Getting this dataset ready for the codeathon required the input of many people. First, we wanted to ensure that data respects the patient’s privacy, rights, and consent to SCRIPT. Luke Rasmussen and Marjorie Kang de-identified the data, and Luke Rasmussen and Justin Starren developed a legal agreement for participants of the codeathon, including requirements toward cybersecurity. For elevated security this agreement required participants to hold the data to the standards required for data that contained identifiable information. Second, the size of the single-cell transcriptomic data was large compared to many other efforts, requiring additional quality control to ensure that participants could jump into the data without further cleaning. Sample and data processing was done by Alexander Misharin and his team, particularly Nickolay Markov, Samuel Fenske, Stanislav Bratchikov, and Karolina Senkov.

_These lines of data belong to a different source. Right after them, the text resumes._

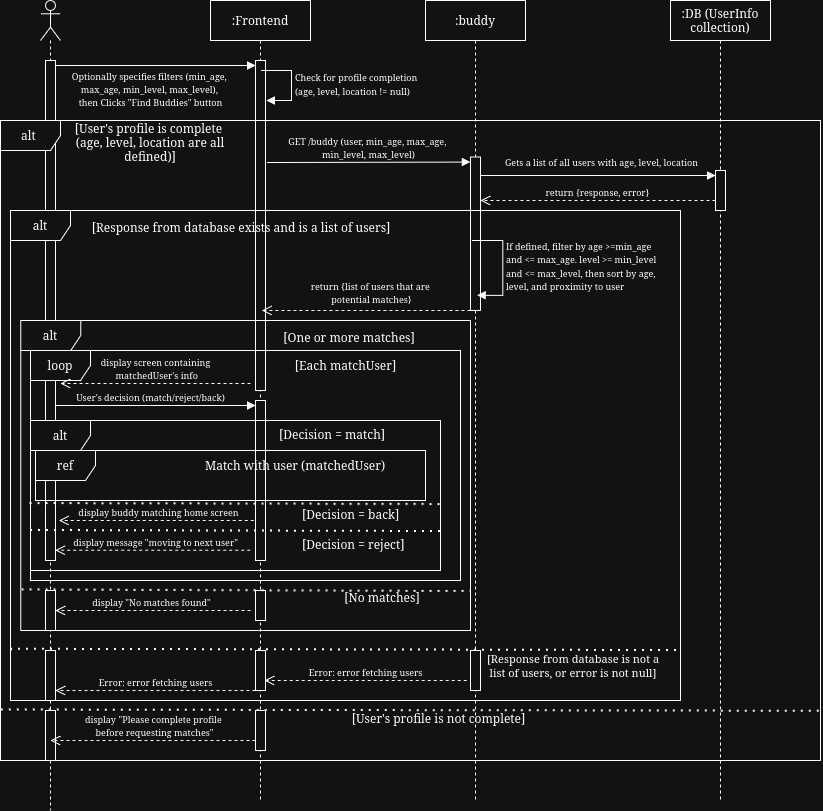

The diagram above was exported from draw.io. Its source (the exported page's mxGraphModel, read from the mxfile embedded in the PNG):
<mxGraphModel dx="1170" dy="652" grid="1" gridSize="10" guides="1" tooltips="1" connect="1" arrows="1" fold="1" page="1" pageScale="1" pageWidth="850" pageHeight="1100" math="0" shadow="0">
  <root>
    <mxCell id="0" />
    <mxCell id="1" parent="0" />
    <mxCell id="tmo6Yy2paUQHS5bjKXjT-4" value="" style="shape=umlLifeline;perimeter=lifelinePerimeter;whiteSpace=wrap;html=1;container=1;dropTarget=0;collapsible=0;recursiveResize=0;outlineConnect=0;portConstraint=eastwest;newEdgeStyle={&quot;curved&quot;:0,&quot;rounded&quot;:0};participant=umlActor;" parent="1" vertex="1">
      <mxGeometry x="40" y="20" width="20" height="810" as="geometry" />
    </mxCell>
    <mxCell id="tmo6Yy2paUQHS5bjKXjT-8" value="" style="html=1;points=[[0,0,0,0,5],[0,1,0,0,-5],[1,0,0,0,5],[1,1,0,0,-5]];perimeter=orthogonalPerimeter;outlineConnect=0;targetShapes=umlLifeline;portConstraint=eastwest;newEdgeStyle={&quot;curved&quot;:0,&quot;rounded&quot;:0};" parent="tmo6Yy2paUQHS5bjKXjT-4" vertex="1">
      <mxGeometry x="5" y="60" width="10" height="500" as="geometry" />
    </mxCell>
    <mxCell id="CTYSrMCdOMvla94MylB7-26" value="" style="html=1;points=[[0,0,0,0,5],[0,1,0,0,-5],[1,0,0,0,5],[1,1,0,0,-5]];perimeter=orthogonalPerimeter;outlineConnect=0;targetShapes=umlLifeline;portConstraint=eastwest;newEdgeStyle={&quot;curved&quot;:0,&quot;rounded&quot;:0};" parent="tmo6Yy2paUQHS5bjKXjT-4" vertex="1">
      <mxGeometry x="5" y="710" width="10" height="50" as="geometry" />
    </mxCell>
    <mxCell id="CTYSrMCdOMvla94MylB7-81" value="" style="html=1;points=[[0,0,0,0,5],[0,1,0,0,-5],[1,0,0,0,5],[1,1,0,0,-5]];perimeter=orthogonalPerimeter;outlineConnect=0;targetShapes=umlLifeline;portConstraint=eastwest;newEdgeStyle={&quot;curved&quot;:0,&quot;rounded&quot;:0};" parent="tmo6Yy2paUQHS5bjKXjT-4" vertex="1">
      <mxGeometry x="5" y="650" width="10" height="50" as="geometry" />
    </mxCell>
    <mxCell id="CTYSrMCdOMvla94MylB7-148" value="" style="html=1;points=[[0,0,0,0,5],[0,1,0,0,-5],[1,0,0,0,5],[1,1,0,0,-5]];perimeter=orthogonalPerimeter;outlineConnect=0;targetShapes=umlLifeline;portConstraint=eastwest;newEdgeStyle={&quot;curved&quot;:0,&quot;rounded&quot;:0};" parent="tmo6Yy2paUQHS5bjKXjT-4" vertex="1">
      <mxGeometry x="5" y="590" width="10" height="40" as="geometry" />
    </mxCell>
    <mxCell id="tmo6Yy2paUQHS5bjKXjT-5" value=":Frontend" style="shape=umlLifeline;perimeter=lifelinePerimeter;whiteSpace=wrap;html=1;container=1;dropTarget=0;collapsible=0;recursiveResize=0;outlineConnect=0;portConstraint=eastwest;newEdgeStyle={&quot;curved&quot;:0,&quot;rounded&quot;:0};" parent="1" vertex="1">
      <mxGeometry x="210" y="20" width="100" height="800" as="geometry" />
    </mxCell>
    <mxCell id="tmo6Yy2paUQHS5bjKXjT-10" value="" style="html=1;points=[[0,0,0,0,5],[0,1,0,0,-5],[1,0,0,0,5],[1,1,0,0,-5]];perimeter=orthogonalPerimeter;outlineConnect=0;targetShapes=umlLifeline;portConstraint=eastwest;newEdgeStyle={&quot;curved&quot;:0,&quot;rounded&quot;:0};" parent="tmo6Yy2paUQHS5bjKXjT-5" vertex="1">
      <mxGeometry x="45" y="60" width="10" height="330" as="geometry" />
    </mxCell>
    <mxCell id="CTYSrMCdOMvla94MylB7-2" value="&lt;div&gt;&lt;font style=&quot;font-size: 9px;&quot;&gt;Check for profile completion&amp;nbsp;&lt;/font&gt;&lt;/div&gt;&lt;div&gt;&lt;font style=&quot;font-size: 9px;&quot;&gt;(age, level, location != null)&lt;/font&gt;&lt;/div&gt;" style="html=1;align=left;spacingLeft=2;endArrow=block;rounded=0;edgeStyle=orthogonalEdgeStyle;curved=0;rounded=0;" parent="tmo6Yy2paUQHS5bjKXjT-5" edge="1">
      <mxGeometry relative="1" as="geometry">
        <mxPoint x="51" y="70" as="sourcePoint" />
        <Array as="points">
          <mxPoint x="81" y="100" />
        </Array>
        <mxPoint x="56" y="100" as="targetPoint" />
      </mxGeometry>
    </mxCell>
    <mxCell id="CTYSrMCdOMvla94MylB7-25" value="" style="html=1;points=[[0,0,0,0,5],[0,1,0,0,-5],[1,0,0,0,5],[1,1,0,0,-5]];perimeter=orthogonalPerimeter;outlineConnect=0;targetShapes=umlLifeline;portConstraint=eastwest;newEdgeStyle={&quot;curved&quot;:0,&quot;rounded&quot;:0};" parent="tmo6Yy2paUQHS5bjKXjT-5" vertex="1">
      <mxGeometry x="45" y="710" width="10" height="40" as="geometry" />
    </mxCell>
    <mxCell id="CTYSrMCdOMvla94MylB7-50" value="" style="html=1;points=[[0,0,0,0,5],[0,1,0,0,-5],[1,0,0,0,5],[1,1,0,0,-5]];perimeter=orthogonalPerimeter;outlineConnect=0;targetShapes=umlLifeline;portConstraint=eastwest;newEdgeStyle={&quot;curved&quot;:0,&quot;rounded&quot;:0};" parent="tmo6Yy2paUQHS5bjKXjT-5" vertex="1">
      <mxGeometry x="45" y="650" width="10" height="40" as="geometry" />
    </mxCell>
    <mxCell id="CTYSrMCdOMvla94MylB7-78" value="" style="html=1;points=[[0,0,0,0,5],[0,1,0,0,-5],[1,0,0,0,5],[1,1,0,0,-5]];perimeter=orthogonalPerimeter;outlineConnect=0;targetShapes=umlLifeline;portConstraint=eastwest;newEdgeStyle={&quot;curved&quot;:0,&quot;rounded&quot;:0};" parent="tmo6Yy2paUQHS5bjKXjT-5" vertex="1">
      <mxGeometry x="45" y="590" width="10" height="30" as="geometry" />
    </mxCell>
    <mxCell id="CTYSrMCdOMvla94MylB7-82" value="" style="html=1;points=[[0,0,0,0,5],[0,1,0,0,-5],[1,0,0,0,5],[1,1,0,0,-5]];perimeter=orthogonalPerimeter;outlineConnect=0;targetShapes=umlLifeline;portConstraint=eastwest;newEdgeStyle={&quot;curved&quot;:0,&quot;rounded&quot;:0};" parent="tmo6Yy2paUQHS5bjKXjT-5" vertex="1">
      <mxGeometry x="45" y="400" width="10" height="160" as="geometry" />
    </mxCell>
    <mxCell id="tmo6Yy2paUQHS5bjKXjT-6" value="&lt;div&gt;:buddy&lt;/div&gt;" style="shape=umlLifeline;perimeter=lifelinePerimeter;whiteSpace=wrap;html=1;container=1;dropTarget=0;collapsible=0;recursiveResize=0;outlineConnect=0;portConstraint=eastwest;newEdgeStyle={&quot;curved&quot;:0,&quot;rounded&quot;:0};" parent="1" vertex="1">
      <mxGeometry x="425" y="20" width="100" height="800" as="geometry" />
    </mxCell>
    <mxCell id="tmo6Yy2paUQHS5bjKXjT-19" value="" style="html=1;points=[[0,0,0,0,5],[0,1,0,0,-5],[1,0,0,0,5],[1,1,0,0,-5]];perimeter=orthogonalPerimeter;outlineConnect=0;targetShapes=umlLifeline;portConstraint=eastwest;newEdgeStyle={&quot;curved&quot;:0,&quot;rounded&quot;:0};" parent="tmo6Yy2paUQHS5bjKXjT-6" vertex="1">
      <mxGeometry x="45" y="156.57" width="10" height="153.43" as="geometry" />
    </mxCell>
    <mxCell id="H8GfO1y8Mq3XHYVp0Y5N-4" value="" style="html=1;points=[[0,0,0,0,5],[0,1,0,0,-5],[1,0,0,0,5],[1,1,0,0,-5]];perimeter=orthogonalPerimeter;outlineConnect=0;targetShapes=umlLifeline;portConstraint=eastwest;newEdgeStyle={&quot;curved&quot;:0,&quot;rounded&quot;:0};" parent="tmo6Yy2paUQHS5bjKXjT-6" vertex="1">
      <mxGeometry x="45" y="650" width="10" height="40" as="geometry" />
    </mxCell>
    <mxCell id="tmo6Yy2paUQHS5bjKXjT-7" value=":DB (UserInfo collection)" style="shape=umlLifeline;perimeter=lifelinePerimeter;whiteSpace=wrap;html=1;container=1;dropTarget=0;collapsible=0;recursiveResize=0;outlineConnect=0;portConstraint=eastwest;newEdgeStyle={&quot;curved&quot;:0,&quot;rounded&quot;:0};" parent="1" vertex="1">
      <mxGeometry x="670" y="20" width="100" height="800" as="geometry" />
    </mxCell>
    <mxCell id="tmo6Yy2paUQHS5bjKXjT-24" value="" style="html=1;points=[[0,0,0,0,5],[0,1,0,0,-5],[1,0,0,0,5],[1,1,0,0,-5]];perimeter=orthogonalPerimeter;outlineConnect=0;targetShapes=umlLifeline;portConstraint=eastwest;newEdgeStyle={&quot;curved&quot;:0,&quot;rounded&quot;:0};" parent="tmo6Yy2paUQHS5bjKXjT-7" vertex="1">
      <mxGeometry x="45" y="170" width="10" height="40" as="geometry" />
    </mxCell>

Additional preparations of the dataset included the creation of wiki documenting the information contained in the datasets, which involved additional help from Cathy Gao. Further, Scott Coughlin from Northwestern IT allocated for each team a computer within Northwestern’s High-Performance cluster. Datasets, documentation, and computing environment were tested by James “Jim” Davis and Marcus Nguyen from the Bacterial and Viral Bioinformatics Resource Center, another NIAID supported initiative. This resulted in adjustments of the computing environment, and creation of subsampled data to promote quick exploration of the data and development of code.
Outcomes
Following the codeathon, teams presented their findings in a symposium, which was also attended by further members of the systems biology centers of the National Institute of Allergy and Infectious Diseases (NIAID). Since then three teams have continued to work towards manuscripts from their work. Further, the organizers will write a manuscript to accompany the publication of the full dataset, that introduces the data and framework behind the codeathon as a learning resource for everyone.
Acknowledgment
This codeathon was supported by an NIAID grant for Systems Biology for Infectious Diseases (U19AI135964) and an NIAID contract for Bioinformatics Center for Infectious Diseases (75N93019C00076) and the Chan Zuckerberg Initiative.